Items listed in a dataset
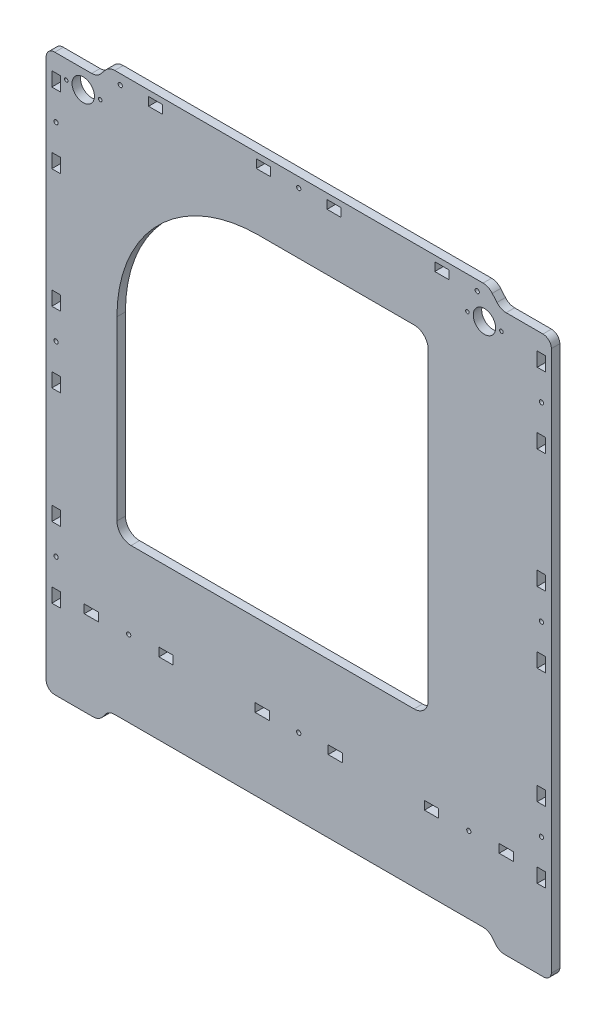
from build123d import *

# Parameters (mm, degrees)
SKETCH_1_R      = 1.5
SKETCH_1_R_2    = 7.9
SKETCH_1_R_3    = 1.25
SKETCH_1_W      = 6
SKETCH_1_H      = 10
SKETCH_1_W_2    = 10
SKETCH_1_H_2    = 6
EXTRUDE_1_DEPTH = 6


with BuildPart() as part:
    # Эскиз1 → Бобышка-Вытянуть1 (new body)
    with BuildSketch(Plane.XY):
        with BuildLine():
            Line((146.861398458, 191.532325026), (172.897783364, 191.532325026))
            ThreePointArc((172.897783364, 191.532325026), (177.076317747, 189.745999648), (178.804179186, 185.542952802))
            Line((178.804179186, 185.542952802), (178.804179186, -196.675834418))
            ThreePointArc((178.804179186, -196.675834418), (176.892140189, -200.429470569), (172.897783364, -201.767674974))
            Line((172.897783364, -201.767674974), (145.861398458, -201.767674974))
            ThreePointArc((145.861398458, -201.767674974), (142.269143233, -200.971291164), (139.350020692, -198.731369657))
            Line((139.350020692, -198.731369657), (137.054194639, -195.711716561))
            ThreePointArc((137.054194639, -195.711716561), (134.135072097, -193.471795054), (130.542816872, -192.675411244))
            Line((130.542816872, -192.675411244), (-129.747250144, -192.675411244))
            ThreePointArc((-129.747250144, -192.675411244), (-133.339505369, -193.471795054), (-136.258627911, -195.711716561))
            Line((-136.258627911, -195.711716561), (-138.554453964, -198.731369657))
            ThreePointArc((-138.554453964, -198.731369657), (-141.473576506, -200.971291164), (-145.06583173, -201.767674974))
            Line((-145.06583173, -201.767674974), (-172.102216636, -201.767674974))
            ThreePointArc((-172.102216636, -201.767674974), (-176.405497525, -200.043755719), (-178.195820814, -195.767674974))
            Line((-178.195820814, -195.767674974), (-178.195820814, 185.542952802))
            ThreePointArc((-178.195820814, 185.542952802), (-176.401714686, 189.812135315), (-172.102216636, 191.532325026))
            Line((-172.102216636, 191.532325026), (-146.06583173, 191.532325026))
            ThreePointArc((-146.06583173, 191.532325026), (-142.473576506, 192.328708836), (-139.554453964, 194.568630343))
            Line((-139.554453964, 194.568630343), (-136.258627911, 198.496442883))
            ThreePointArc((-136.258627911, 198.496442883), (-133.339449219, 200.73613298), (-129.747250144, 201.532325026))
            Line((-129.747250144, 201.532325026), (130.542816872, 201.532325026))
            ThreePointArc((130.542816872, 201.532325026), (134.135072097, 200.735941215), (137.054194639, 198.496019708))
            Line((137.054194639, 198.496019708), (140.350020692, 194.568207169))
            ThreePointArc((140.350020692, 194.568207169), (143.269199383, 192.328517071), (146.861398458, 191.532325026))
        make_face()
        with Locations((120.494179186, -138.767674974)):
            Circle(SKETCH_1_R, mode=Mode.SUBTRACT)
        with Locations((0.304179186, -138.767674974)):
            Circle(SKETCH_1_R, mode=Mode.SUBTRACT)
        with Locations((-119.885820814, -138.767674974)):
            Circle(SKETCH_1_R, mode=Mode.SUBTRACT)
        with Locations((-171.195820814, -116.737674974)):
            Circle(SKETCH_1_R, mode=Mode.SUBTRACT)
        with Locations((-171.195820814, 14.972325026)):
            Circle(SKETCH_1_R, mode=Mode.SUBTRACT)
        with Locations((171.804179186, 149.132325026)):
            Circle(SKETCH_1_R, mode=Mode.SUBTRACT)
        with Locations((126.444179186, 194.532325026)):
            Circle(SKETCH_1_R, mode=Mode.SUBTRACT)
        with Locations((-151.995820814, 178.532325026)):
            Circle(SKETCH_1_R_2, mode=Mode.SUBTRACT)
        with Locations((171.804179186, -116.737674974)):
            Circle(SKETCH_1_R, mode=Mode.SUBTRACT)
        with Locations((171.804179186, 14.972325026)):
            Circle(SKETCH_1_R, mode=Mode.SUBTRACT)
        with Locations((-171.195820814, 149.132325026)):
            Circle(SKETCH_1_R, mode=Mode.SUBTRACT)
        with Locations((-125.835820814, 194.532325026)):
            Circle(SKETCH_1_R, mode=Mode.SUBTRACT)
        with Locations((0.304179186, 194.54440539)):
            Circle(SKETCH_1_R, mode=Mode.SUBTRACT)
        with Locations((131.504179186, 178.532325026)):
            Circle(SKETCH_1_R_2, mode=Mode.SUBTRACT)
        with Locations((-139.995820814, 178.532325026)):
            Circle(SKETCH_1_R_3, mode=Mode.SUBTRACT)
        with Locations((-163.995820814, 178.532325026)):
            Circle(SKETCH_1_R_3, mode=Mode.SUBTRACT)
        with Locations((119.504179186, 178.532325026)):
            Circle(SKETCH_1_R_3, mode=Mode.SUBTRACT)
        with Locations((143.504179186, 178.532325026)):
            Circle(SKETCH_1_R_3, mode=Mode.SUBTRACT)
        with Locations((-171.195820814, 39.972325026)):
            Rectangle(SKETCH_1_W, SKETCH_1_H, mode=Mode.SUBTRACT)
        with Locations((171.804179186, 39.972325026)):
            Rectangle(SKETCH_1_W, SKETCH_1_H, mode=Mode.SUBTRACT)
        Polygon((174.804179186, 179.132325026), (174.804179186, 169.359038573), (174.804179186, 169.132325026), (168.804179186, 169.132325026), (168.804179186, 179.132325026), align=None, mode=Mode.SUBTRACT)
        Polygon((96.444179186, 197.532325026), (106.41988356, 197.532325026), (106.444179186, 197.514906712), (106.444179186, 191.332537312), (106.419882773, 191.532325026), (96.444179186, 191.532325026), align=None, mode=Mode.SUBTRACT)
        with Locations((26.094179186, -138.767674974)):
            Rectangle(SKETCH_1_W_2, SKETCH_1_H_2, mode=Mode.SUBTRACT)
        with Locations((-25.485820814, -138.767674974)):
            Rectangle(SKETCH_1_W_2, SKETCH_1_H_2, mode=Mode.SUBTRACT)
        with Locations((-171.195820814, 174.132325026)):
            Rectangle(SKETCH_1_W, SKETCH_1_H, mode=Mode.SUBTRACT)
        with Locations((94.094179186, -138.767674974)):
            Rectangle(SKETCH_1_W_2, SKETCH_1_H_2, mode=Mode.SUBTRACT)
        with Locations((146.894179186, -138.767674974)):
            Rectangle(SKETCH_1_W_2, SKETCH_1_H_2, mode=Mode.SUBTRACT)
        Polygon((-19.68524425, 191.532325026), (-29.685244433, 191.532325026), (-29.686393667, 197.532325026), (-19.686393484, 197.532325026), align=None, mode=Mode.SUBTRACT)
        with Locations((-171.195820814, 124.132325026)):
            Rectangle(SKETCH_1_W, SKETCH_1_H, mode=Mode.SUBTRACT)
        with Locations((-146.285820814, -138.767674974)):
            Rectangle(SKETCH_1_W_2, SKETCH_1_H_2, mode=Mode.SUBTRACT)
        with Locations((25.294179186, 194.532325026)):
            Rectangle(SKETCH_1_W_2, SKETCH_1_H_2, mode=Mode.SUBTRACT)
        with Locations((-171.195820814, -10.027674974)):
            Rectangle(SKETCH_1_W, SKETCH_1_H, mode=Mode.SUBTRACT)
        with Locations((-171.195820814, -91.757674974)):
            Rectangle(SKETCH_1_W, SKETCH_1_H, mode=Mode.SUBTRACT)
        with Locations((-171.195820814, -141.747674974)):
            Rectangle(SKETCH_1_W, SKETCH_1_H, mode=Mode.SUBTRACT)
        with Locations((-93.485820814, -138.767674974)):
            Rectangle(SKETCH_1_W_2, SKETCH_1_H_2, mode=Mode.SUBTRACT)
        with Locations((171.804179186, -10.027674974)):
            Rectangle(SKETCH_1_W, SKETCH_1_H, mode=Mode.SUBTRACT)
        with Locations((171.804179186, -91.757674974)):
            Rectangle(SKETCH_1_W, SKETCH_1_H, mode=Mode.SUBTRACT)
        with Locations((171.804179186, -141.747674974)):
            Rectangle(SKETCH_1_W, SKETCH_1_H, mode=Mode.SUBTRACT)
        with Locations((171.804179186, 124.132325026)):
            Rectangle(SKETCH_1_W, SKETCH_1_H, mode=Mode.SUBTRACT)
        Polygon((-95.835245647, 191.532325026), (-105.83524583, 191.532325026), (-105.836395064, 197.532325026), (-95.836394881, 197.532325026), align=None, mode=Mode.SUBTRACT)
        with BuildLine():
            Line((-128.195820814, -73.467674974), (-128.195820814, 51.532325026))
            ThreePointArc((-128.195820814, 51.532325026), (-98.906498933, 122.243003144), (-28.195820814, 151.532325026))
            Line((-28.195820814, 151.532325026), (81.804179186, 151.532325026))
            ThreePointArc((81.804179186, 151.532325026), (88.875246998, 148.603392838), (91.804179186, 141.532325026))
            Line((91.804179186, 141.532325026), (91.804179186, -73.467674974))
            ThreePointArc((91.804179186, -73.467674974), (88.875246998, -80.538742786), (81.804179186, -83.467674974))
            Line((81.804179186, -83.467674974), (-118.195820814, -83.467674974))
            ThreePointArc((-118.195820814, -83.467674974), (-125.266888626, -80.538742786), (-128.195820814, -73.467674974))
        make_face(mode=Mode.SUBTRACT)
    extrude(amount=EXTRUDE_1_DEPTH)


solid = part.part

**REQUIREMENT**
Scan the entries above. Copy each line that has the string "part".

**SOLUTION TO THIS PROBLEM**
with BuildPart() as part:
solid = part.part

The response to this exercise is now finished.